» ASSIGNED TASK
Only the lines from the one containing "world_world.cycles.sample_map_resolution = 256" through the one containing "me_cube_001 = bpy.data.meshes.new('Cube.001')" should be printed, exactly as they appear below, with both ends included.

[[ GIVEN INFORMATION open ]]

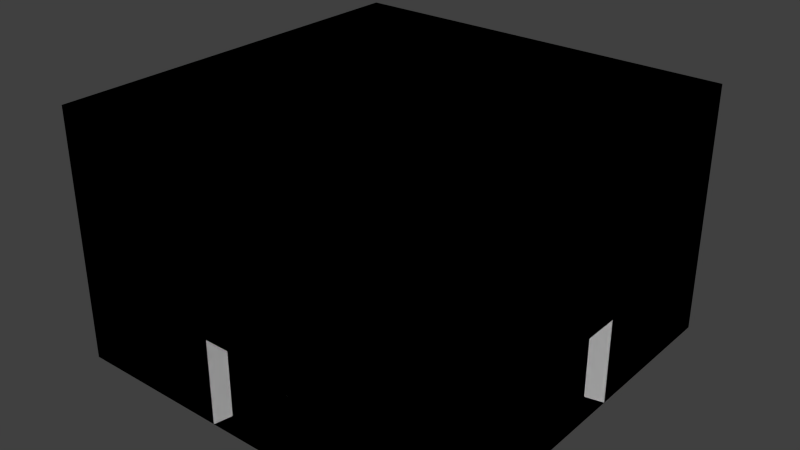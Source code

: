 # Source: Room.blend  (saved by Blender 2.64.0; exported with 4.5.12 LTS)
import bpy
from mathutils import Matrix  # noqa: F401  (used for matrix-valued properties, if any)

bpy.ops.wm.read_factory_settings(use_empty=True)
scene = bpy.context.scene
scene.name = 'Scene'

# ---- collections
col_collection_1 = bpy.data.collections.new('Collection 1'); scene.collection.children.link(col_collection_1)

# ---- materials (node trees are filled in below, after node groups)
mat_material = bpy.data.materials.new('Material')
mat_material.alpha_threshold = 0.0
mat_material.use_transparent_shadow = False
mat_material.roughness = 0.5
mat_material.line_color = (0.0, 0.0, 0.0, 1.0)

# ---- material node trees

# ---- world
world_world = bpy.data.worlds.new('World'); scene.world = world_world
world_world.color = (0.05088, 0.05088, 0.05088)
world_world.use_sun_shadow = False
world_world.sun_shadow_jitter_overblur = 0.0
world_world.cycles.sampling_method = 'MANUAL'
world_world.cycles.sample_map_resolution = 256

# ---- meshes
me_cube_001 = bpy.data.meshes.new('Cube.001')
me_cube_001.from_pydata([(16.12, 16.12, -16.12), (16.12, -16.12, -16.12), (-16.12, -16.12, -16.12), (-16.12, 16.12, -16.12), (16.12, 16.12, 6.12), (16.12, -16.12, 6.12), (-16.12, -16.12, 6.12), (-16.12, 16.12, 6.12), (9.672, 16.12, -16.12), (3.224, 16.12, -16.12), (-3.224, 16.12, -16.12), (-9.672, 16.12, -16.12), (9.672, -16.12, -16.12), (3.224, -16.12, -16.12), (-3.224, -16.12, -16.12), (-9.672, -16.12, -16.12), (9.672, 16.12, 6.12), (3.224, 16.12, 6.12), (-3.224, 16.12, 6.12), (-9.672, 16.12, 6.12), (9.672, -16.12, 6.12), (3.224, -16.12, 6.12), (-3.224, -16.12, 6.12), (-9.672, -16.12, 6.12), (16.12, 9.672, -16.12), (16.12, 3.224, -16.12), (16.12, -3.224, -16.12), (16.12, -9.672, -16.12), (-16.12, -9.672, -16.12), (-16.12, -3.224, -16.12), (-16.12, 3.224, -16.12), (-16.12, 9.672, -16.12), (16.12, 9.672, 6.12), (16.12, 3.224, 6.12), (16.12, -3.224, 6.12), (16.12, -9.672, 6.12), (-16.12, -9.672, 6.12), (-16.12, -3.224, 6.12), (-16.12, 3.224, 6.12), (-16.12, 9.672, 6.12), (9.672, -9.672, -16.12), (9.672, -3.224, -16.12), (9.672, 3.224, -16.12), (9.672, 9.672, -16.12), (3.224, -9.672, -16.12), (3.224, -3.224, -16.12), (3.224, 3.224, -16.12), (3.224, 9.672, -16.12), (-3.224, -9.672, -16.12), (-3.224, -3.224, -16.12), (-3.224, 3.224, -16.12), (-3.224, 9.672, -16.12), (-9.672, -9.672, -16.12), (-9.672, -3.224, -16.12), (-9.672, 3.224, -16.12), (-9.672, 9.672, -16.12), (9.672, 9.672, 6.12), (9.672, 3.224, 6.12), (9.672, -3.224, 6.12), (9.672, -9.672, 6.12), (3.224, 9.672, 6.12), (3.224, 3.224, 6.12), (3.224, -3.224, 6.12), (3.224, -9.672, 6.12), (-3.224, 9.672, 6.12), (-3.224, 3.224, 6.12), (-3.224, -3.224, 6.12), (-3.224, -9.672, 6.12), (-9.672, 9.672, 6.12), (-9.672, 3.224, 6.12), (-9.672, -3.224, 6.12), (-9.672, -9.672, 6.12), (16.12, 16.12, -8.563), (16.12, -16.12, -8.563), (-16.12, -16.12, -8.563), (-16.12, 16.12, -8.563), (9.672, -16.12, -8.563), (3.224, -16.12, -8.563), (-3.224, -16.12, -8.563), (-9.672, -16.12, -8.563), (9.672, 16.12, -8.563), (3.224, 16.12, -8.563), (-3.224, 16.12, -8.563), (-9.672, 16.12, -8.563), (16.12, 9.672, -8.563), (16.12, 3.224, -8.563), (16.12, -3.224, -8.563), (16.12, -9.672, -8.563), (-16.12, -9.672, -8.563), (-16.12, -3.224, -8.563), (-16.12, 3.224, -8.563), (-16.12, 9.672, -8.563), (17.73, 17.73, -16.12), (17.73, -17.73, -16.12), (-17.73, -17.73, -16.12), (-17.73, 17.73, -16.12), (17.73, 17.73, 6.12), (17.73, -17.73, 6.12), (-17.73, -17.73, 6.12), (-17.73, 17.73, 6.12), (10.64, 17.73, -16.12), (3.546, 17.73, -16.12), (-3.546, 17.73, -16.12), (-10.64, 17.73, -16.12), (10.64, -17.73, -16.12), (3.546, -17.73, -16.12), (-3.546, -17.73, -16.12), (-10.64, -17.73, -16.12), (10.64, 17.73, 6.12), (3.546, 17.73, 6.12), (-3.546, 17.73, 6.12), (-10.64, 17.73, 6.12), (10.64, -17.73, 6.12), (3.546, -17.73, 6.12), (-3.546, -17.73, 6.12), (-10.64, -17.73, 6.12), (17.73, 10.64, -16.12), (17.73, 3.546, -16.12), (17.73, -3.546, -16.12), (17.73, -10.64, -16.12), (-17.73, -10.64, -16.12), (-17.73, -3.546, -16.12), (-17.73, 3.546, -16.12), (-17.73, 10.64, -16.12), (17.73, 10.64, 6.12), (17.73, 3.546, 6.12), (17.73, -3.546, 6.12), (17.73, -10.64, 6.12), (-17.73, -10.64, 6.12), (-17.73, -3.546, 6.12), (-17.73, 3.546, 6.12), (-17.73, 10.64, 6.12), (17.73, 17.73, -8.563), (17.73, -17.73, -8.563), (-17.73, -17.73, -8.563), (-17.73, 17.73, -8.563), (10.64, -17.73, -8.563), (3.546, -17.73, -8.563), (-3.546, -17.73, -8.563), (-10.64, -17.73, -8.563), (10.64, 17.73, -8.563), (3.546, 17.73, -8.563), (-3.546, 17.73, -8.563), (-10.64, 17.73, -8.563), (17.73, 10.64, -8.563), (17.73, 3.546, -8.563), (17.73, -3.546, -8.563), (17.73, -10.64, -8.563), (-17.73, -10.64, -8.563), (-17.73, -3.546, -8.563), (-17.73, 3.546, -8.563), (-17.73, 10.64, -8.563)], [], [(52, 28, 2, 15), (71, 23, 6, 36), (87, 73, 5, 35), (79, 74, 6, 23), (91, 75, 7, 39), (83, 75, 3, 11), (27, 40, 12, 1), (40, 44, 13, 12), (44, 48, 14, 13), (48, 52, 15, 14), (35, 5, 20, 59), (59, 20, 21, 63), (63, 21, 22, 67), (67, 22, 23, 71), (73, 76, 20, 5), (76, 77, 21, 20), (77, 78, 22, 21), (78, 79, 23, 22), (72, 80, 8, 0), (80, 81, 9, 8), (82, 83, 11, 10), (11, 3, 31, 55), (55, 31, 30, 54), (54, 30, 29, 53), (53, 29, 28, 52), (19, 68, 39, 7), (68, 69, 38, 39), (69, 70, 37, 38), (70, 71, 36, 37), (72, 84, 32, 4), (84, 85, 33, 32), (85, 86, 34, 33), (86, 87, 35, 34), (74, 88, 36, 6), (88, 89, 37, 36), (89, 90, 38, 37), (90, 91, 39, 38), (0, 8, 43, 24), (24, 43, 42, 25), (25, 42, 41, 26), (26, 41, 40, 27), (8, 9, 47, 43), (43, 47, 46, 42), (42, 46, 45, 41), (41, 45, 44, 40), (9, 10, 51, 47), (47, 51, 50, 46), (46, 50, 49, 45), (45, 49, 48, 44), (10, 11, 55, 51), (51, 55, 54, 50), (50, 54, 53, 49), (49, 53, 52, 48), (4, 32, 56, 16), (32, 33, 57, 56), (33, 34, 58, 57), (34, 35, 59, 58), (16, 56, 60, 17), (56, 57, 61, 60), (57, 58, 62, 61), (58, 59, 63, 62), (17, 60, 64, 18), (60, 61, 65, 64), (61, 62, 66, 65), (62, 63, 67, 66), (18, 64, 68, 19), (64, 65, 69, 68), (65, 66, 70, 69), (66, 67, 71, 70), (27, 1, 73, 87), (15, 2, 74, 79), (31, 3, 75, 91), (19, 7, 75, 83), (1, 12, 76, 73), (12, 13, 77, 76), (14, 15, 79, 78), (4, 16, 80, 72), (16, 17, 81, 80), (17, 18, 82, 81), (18, 19, 83, 82), (0, 24, 84, 72), (24, 25, 85, 84), (26, 27, 87, 86), (2, 28, 88, 74), (28, 29, 89, 88), (30, 31, 91, 90), (147, 127, 97, 133), (139, 115, 98, 134), (151, 131, 99, 135), (143, 103, 95, 135), (133, 97, 112, 136), (136, 112, 113, 137), (137, 113, 114, 138), (138, 114, 115, 139), (132, 92, 100, 140), (140, 100, 101, 141), (142, 102, 103, 143), (132, 96, 124, 144), (144, 124, 125, 145), (145, 125, 126, 146), (146, 126, 127, 147), (134, 98, 128, 148), (148, 128, 129, 149), (149, 129, 130, 150), (150, 130, 131, 151), (90, 150, 122, 30), (102, 10, 9, 101), (141, 81, 82, 142), (142, 82, 10, 102), (81, 141, 101, 9), (26, 118, 117, 25), (85, 145, 146, 86), (145, 85, 25, 117), (86, 146, 118, 26), (14, 106, 105, 13), (77, 137, 138, 78), (149, 89, 29, 121), (137, 77, 13, 105), (78, 138, 106, 14), (30, 122, 121, 29), (89, 149, 150, 90), (119, 147, 133, 93), (107, 139, 134, 94), (123, 151, 135, 95), (111, 143, 135, 99), (93, 133, 136, 104), (104, 136, 137, 105), (106, 138, 139, 107), (96, 132, 140, 108), (108, 140, 141, 109), (109, 141, 142, 110), (110, 142, 143, 111), (92, 132, 144, 116), (116, 144, 145, 117), (118, 146, 147, 119), (94, 134, 148, 120), (120, 148, 149, 121), (122, 150, 151, 123)])
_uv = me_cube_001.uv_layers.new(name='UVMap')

[[ GIVEN INFORMATION closed ]]

» ANSWER TO THIS TASK
world_world.cycles.sample_map_resolution = 256

# ---- meshes
me_cube_001 = bpy.data.meshes.new('Cube.001')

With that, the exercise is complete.